Even that fell far short of the comprehensive investment in infrastructure and new clean power generation that would allow American to transition to a carbon-free electrical grid, a goal Biden has promised to achieve by 2035. A June 2020 study from the University of California at Berkeley and GridLab, an energy consultancy, estimated it would take $100 billion in investments in transmission infrastructure alone to get the grid to 90% carbon-free electricity by 2035. Once completed, that would result in wholesale electricity costs 13% lower than today.
The power failures during February’s winter storm in Texas reignited calls from progressives for Congress and the White House to follow through on creating sustainable infrastructure. The devastation “highlights the need to transition to a renewable energy economy while investing in infrastructure and our communities,” tweeted Rep Pramila Jayapal, chair of the Congressional Progressive Caucus, in late February.
Many environmental advocates point out that the new stimulus package isn’t entirely devoid of upside for the climate. It includes $100mn for the Environmental Protection Agency – half for environmental justice grants and activities to help communities disproportionately burdened by pollution, and half for air quality monitoring grants and other purposes. There’s also more than $30bn for mass transit systems that have seen ridership and revenue collapse amid the pandemic, plus an additional $1.7bn for Amtrak.

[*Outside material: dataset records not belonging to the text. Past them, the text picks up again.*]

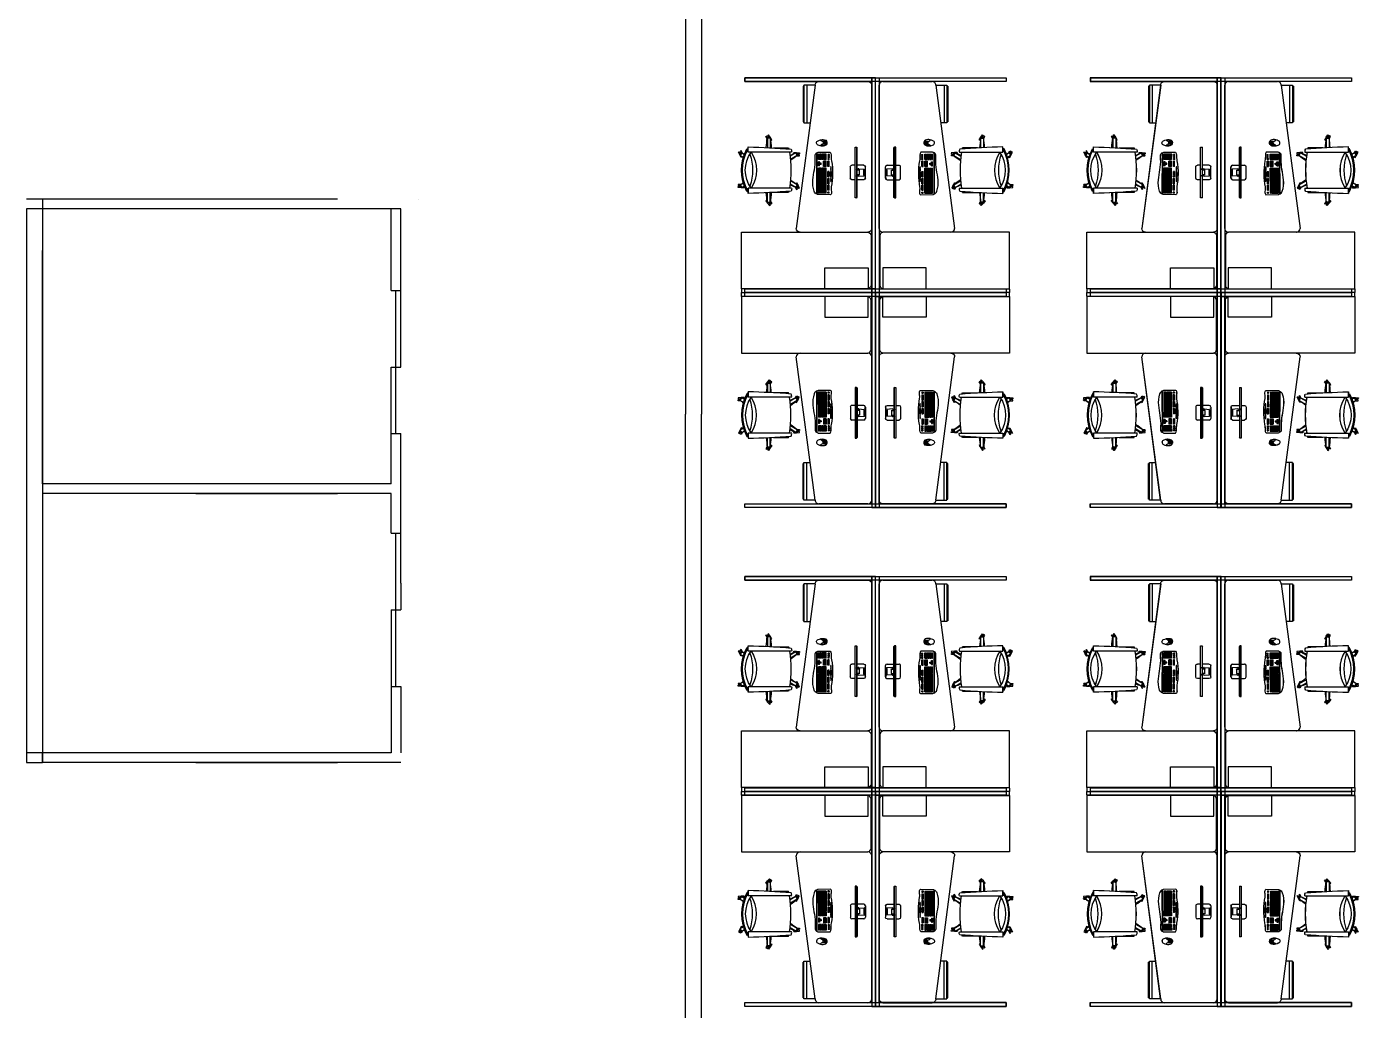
# Model space of a CAD drawing. Header units: inches. Extents: x 35258 to 134537, y 25067 to 83300.
# Drawn here: x 67345 to 67761.3, y 39036.1 to 39343.7 of the extents above; entities that cross this region are included whole.
import ezdxf

# ---------------------------------------------------------------- set-up
doc = ezdxf.new("R2010")
doc.units = ezdxf.units.IN
doc.header["$LTSCALE"] = 5
doc.header["$MEASUREMENT"] = 0
doc.layers.add('dwgmodels.com', color=250, linetype='Continuous')

# ---------------------------------------------------------------- blocks, each defined once
blk = doc.blocks.new('Dell S2340T 23-Inch 10-point Multi-Touch Monitor')
at = {"color": 0}
for p, q in [((-269, -94), (-264, -89)), ((-264, -89), (264, -89)), ((-77, -17), (-77, -89)), ((-77, -109), (-77, -143)), ((-40, -70), (-36, -14)), ((-29, -14), (-29, -17)), ((-29, -14), (-29, -17)), ((-25, -60), (-25, -82)), ((-25, -60), (-24, -60)), ((-24, -60), (-24, -89)), ((-24, -63), (24, -63)), ((24, -60), (24, -89)), ((24, -60), (25, -60)), ((25, -60), (25, -82)), ((29, -14), (29, -17)), ((29, -14), (29, -17)), ((40, -70), (36, -14)), ((77, -17), (77, -89)), ((77, -109), (77, -143)), ((269, -94), (264, -89))]:
    blk.add_line(p, q, dxfattribs=at)
for points in [[(-60, 0), (60, 0)], [(-269, -109), (269, -109), (269, -94), (-269, -94), (-269, -109)], [(-36, -14), (36, -14)], [(-29, -17), (29, -17)], [(-29, -17), (29, -17)], [(-60, -160), (60, -160)]]:
    blk.add_lwpolyline(points, dxfattribs=at)
for points in [[(-40, -70, 0.263666), (-37, -80), (-34, -82), (-25, -82)], [(40, -70, -0.263666), (37, -80), (34, -82), (25, -82)]]:
    blk.add_lwpolyline(points, format="xyb", dxfattribs=at)
for centre, radius in [((-61, -4), 1.73), ((-46, -4), 1.73), ((-36, -102), 1.14), ((-32, -4), 1.73), ((-18, -4), 1.73), ((-3, -4), 1.73), ((11, -4), 1.73), ((25, -4), 1.73), ((36, -102), 1.14), ((39, -4), 1.73)]:
    blk.add_circle(centre, radius, dxfattribs=at)
for centre, start, end in [((-60, -17), 90, 180), ((60, -17), 0, 90), ((-60, -143), 180, 270), ((60, -143), 270, 0)]:
    blk.add_arc(centre, 17.2, start, end, dxfattribs=at)
blk = doc.blocks.new('keyboard_top')
at = {"color": 0, "lineweight": -2}
for points in [[(233, -76), (233, -26, 0.165941), (205, -17, -0.04592), (141, -12, 0.046884), (0, 0, 0.043941), (-135, -14, -0.081459), (-182, -12, 0.073722), (-206, -13, 0.278236), (-218, -23), (-217, -154, 0.414214), (-202, -168), (218, -167, 0.414214), (233, -152)], [(218, -167), (-202, -168, -0.198912), (-213, -164, 0.237087), (-181, -196, 0.110077), (-61, -209, 0.017919), (47, -193, -0.053396), (161, -185, 0.017301), (204, -185, 0.36209), (228, -163, -0.184401), (218, -167)]]:
    blk.add_lwpolyline(points, format="xyb", close=True, dxfattribs=at)
for points in [[(-201, -38), (-189, -38)], [(-201, -38), (-201, -51)], [(-201, -51), (-189, -51)], [(-200, -70), (-188, -70)], [(-200, -70), (-200, -83)], [(-200, -83), (-188, -83)], [(-200, -87), (-188, -86)], [(-200, -87), (-200, -100)], [(-200, -100), (-188, -99)], [(-200, -104), (-188, -104)], [(-200, -104), (-200, -117)], [(-200, -117), (-188, -117)], [(-200, -122), (-173, -122)], [(-200, -122), (-200, -135)], [(-200, -135), (-173, -135)], [(-200, -139), (-173, -139)], [(-200, -139), (-200, -152)], [(-189, -38), (-189, -51)], [(-188, -70), (-188, -83)], [(-188, -86), (-188, -99)], [(-188, -104), (-188, -117)], [(-185, -70), (-185, -83)], [(-185, -70), (-173, -70)], [(-185, -83), (-173, -83)], [(-185, -86), (-185, -99)], [(-185, -86), (-173, -86)], [(-185, -99), (-173, -99)], [(-185, -104), (-173, -104)], [(-185, -104), (-185, -117)], [(-185, -117), (-173, -117)], [(-173, -70), (-173, -83)], [(-173, -86), (-173, -99)], [(-173, -104), (-173, -117)], [(-173, -122), (-173, -135)], [(-173, -139), (-173, -152)], [(-171, -38), (-171, -51)], [(-171, -38), (-159, -38)], [(-171, -51), (-159, -51)], [(-170, -70), (-170, -83)], [(-170, -70), (-158, -70)], [(-170, -83), (-158, -83)], [(-170, -86), (-170, -99)], [(-170, -86), (-158, -86)], [(-170, -99), (-158, -99)], [(-170, -104), (-158, -104)], [(-170, -104), (-170, -117)], [(-170, -117), (-158, -117)], [(-170, -122), (-170, -135)], [(-170, -122), (-158, -122)], [(-170, -135), (-158, -135)], [(-170, -139), (-158, -139)], [(-170, -139), (-170, -152)], [(-159, -38), (-159, -51)], [(-158, -70), (-158, -83)], [(-158, -86), (-158, -99)], [(-158, -104), (-158, -117)], [(-158, -122), (-158, -135)], [(-158, -139), (-158, -152)], [(-156, -38), (-156, -51)], [(-156, -38), (-144, -38)], [(-156, -51), (-144, -51)], [(-156, -70), (-144, -70)], [(-156, -70), (-156, -83)], [(-156, -83), (-144, -83)], [(-156, -86), (-144, -86)], [(-156, -86), (-156, -99)], [(-156, -99), (-144, -99)], [(-156, -104), (-144, -104)], [(-156, -104), (-156, -117)], [(-156, -117), (-144, -117)], [(-156, -122), (-144, -122)], [(-156, -122), (-156, -135)], [(-156, -135), (-144, -135)], [(-156, -139), (-156, -152)], [(-156, -139), (-129, -139)], [(-144, -38), (-144, -51)], [(-144, -70), (-144, -83)], [(-144, -86), (-144, -99)], [(-144, -104), (-144, -117)], [(-144, -122), (-144, -135)], [(-142, -38), (-130, -38)], [(-142, -38), (-142, -51)], [(-142, -51), (-130, -51)], [(-141, -70), (-141, -83)], [(-141, -70), (-129, -70)], [(-141, -83), (-129, -83)], [(-141, -86), (-141, -99)], [(-141, -86), (-129, -86)], [(-141, -99), (-129, -99)], [(-141, -104), (-129, -104)], [(-141, -104), (-141, -117)], [(-141, -117), (-129, -117)], [(-141, -122), (-129, -122)], [(-141, -122), (-141, -135)], [(-141, -135), (-129, -135)], [(-130, -38), (-130, -51)], [(-129, -70), (-129, -83)], [(-129, -86), (-129, -99)], [(-129, -104), (-129, -117)], [(-129, -122), (-129, -135)], [(-129, -139), (-129, -152)], [(-127, -38), (-127, -51)], [(-127, -38), (-115, -38)], [(-127, -51), (-115, -51)], [(-126, -70), (-126, -83)], [(-126, -70), (-114, -70)], [(-126, -83), (-114, -83)], [(-126, -86), (-126, -99)], [(-126, -86), (-114, -86)], [(-126, -99), (-114, -99)], [(-126, -104), (-114, -104)], [(-126, -104), (-126, -117)], [(-126, -117), (-114, -117)], [(-126, -122), (-126, -135)], [(-126, -122), (-114, -122)], [(-126, -135), (-114, -135)], [(-126, -139), (-11, -138)], [(-126, -139), (-126, -152)], [(-115, -38), (-115, -51)], [(-114, -70), (-114, -83)], [(-114, -86), (-114, -99)], [(-114, -104), (-114, -117)], [(-114, -122), (-114, -135)], [(-112, -70), (-100, -70)], [(-112, -70), (-112, -83)], [(-112, -83), (-100, -83)], [(-112, -86), (-100, -86)], [(-112, -86), (-112, -99)], [(-112, -99), (-100, -99)], [(-112, -104), (-100, -104)], [(-112, -104), (-112, -117)], [(-112, -117), (-100, -117)], [(-112, -122), (-100, -122)], [(-112, -122), (-112, -135)], [(-112, -135), (-100, -135)], [(-101, -38), (-101, -51)], [(-101, -38), (-89, -38)], [(-101, -51), (-89, -51)], [(-100, -70), (-100, -83)], [(-100, -86), (-100, -99)], [(-100, -104), (-100, -117)], [(-100, -122), (-100, -135)], [(-97, -70), (-97, -83)], [(-97, -70), (-85, -70)], [(-97, -83), (-85, -83)], [(-97, -86), (-97, -99)], [(-97, -86), (-85, -86)], [(-97, -99), (-85, -99)], [(-97, -104), (-85, -103)], [(-97, -104), (-97, -117)], [(-97, -117), (-85, -116)], [(-97, -122), (-85, -121)], [(-97, -122), (-96, -135)], [(-96, -135), (-84, -134)], [(-89, -38), (-89, -51)], [(-86, -38), (-86, -51)], [(-86, -38), (-74, -38)], [(-86, -51), (-74, -51)], [(-85, -70), (-85, -83)], [(-85, -86), (-85, -99)], [(-85, -103), (-85, -116)], [(-85, -121), (-84, -134)], [(-82, -70), (-70, -69)], [(-82, -70), (-82, -83)], [(-82, -83), (-70, -82)], [(-82, -86), (-82, -99)], [(-82, -86), (-70, -86)], [(-82, -99), (-70, -99)], [(-82, -103), (-70, -103)], [(-82, -103), (-81, -116)], [(-81, -116), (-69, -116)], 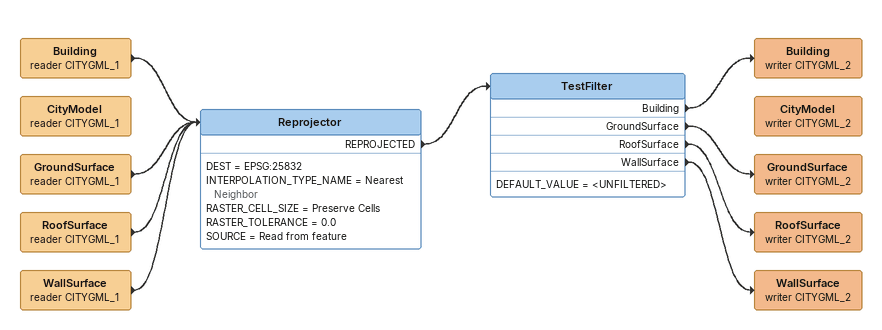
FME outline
Building (reader CITYGML_1)
    -> Reprojector
CityModel (reader CITYGML_1)
GroundSurface (reader CITYGML_1)
    -> Reprojector
RoofSurface (reader CITYGML_1)
    -> Reprojector
WallSurface (reader CITYGML_1)
    -> Reprojector
Reprojector
    DEST = EPSG:25832
    INTERPOLATION_TYPE_NAME = Nearest Neighbor
    RASTER_CELL_SIZE = Preserve Cells
    RASTER_TOLERANCE = 0.0
    SOURCE = Read from feature
    REPROJECTED -> TestFilter
TestFilter
    DEFAULT_VALUE = <UNFILTERED>
    Building -> Building (writer CITYGML_2)
    GroundSurface -> GroundSurface (writer CITYGML_2)
    RoofSurface -> RoofSurface (writer CITYGML_2)
    WallSurface -> WallSurface (writer CITYGML_2)
Building (writer CITYGML_2)
GroundSurface (writer CITYGML_2)
RoofSurface (writer CITYGML_2)
WallSurface (writer CITYGML_2)
CityModel (writer CITYGML_2)

That’s “enormously important” from a climate perspective, said J Peter Byrne, faculty director of the Georgetown Climate Resource Center, an event for the university’s law school last Tuesday. “When we go back to travelling, we need to be attracted to public transportation in order to reduce emissions,” Byrne said.
Kevin Book, an energy analyst with investor research firm ClearView Energy Partners, said that the fiery partisan opposition to the Green New Deal explains Pelosi’s decision to punt again on including significant new energy transition funding. “Energy has become so polarising that they had to leave it out” if they wanted stimulus to move swiftly, he said.
In spite of this latest missed opportunity, clean-energy advocates remain in lock-step with the administration’s strategy – largely, they say in private, because they have no alternative.
A coalition of nearly a dozen environmental advocacy groups, including the Natural Resources Defense Council, the Environmental Defense Fund, and the Sierra Club sent a letter to senators earlier this month supporting the stimulus bill that now awaits Biden’s signature. But they also emphasised that the legislation was just a “first step” in the process of making the US economy “stronger, more equitable, and more sustainable.”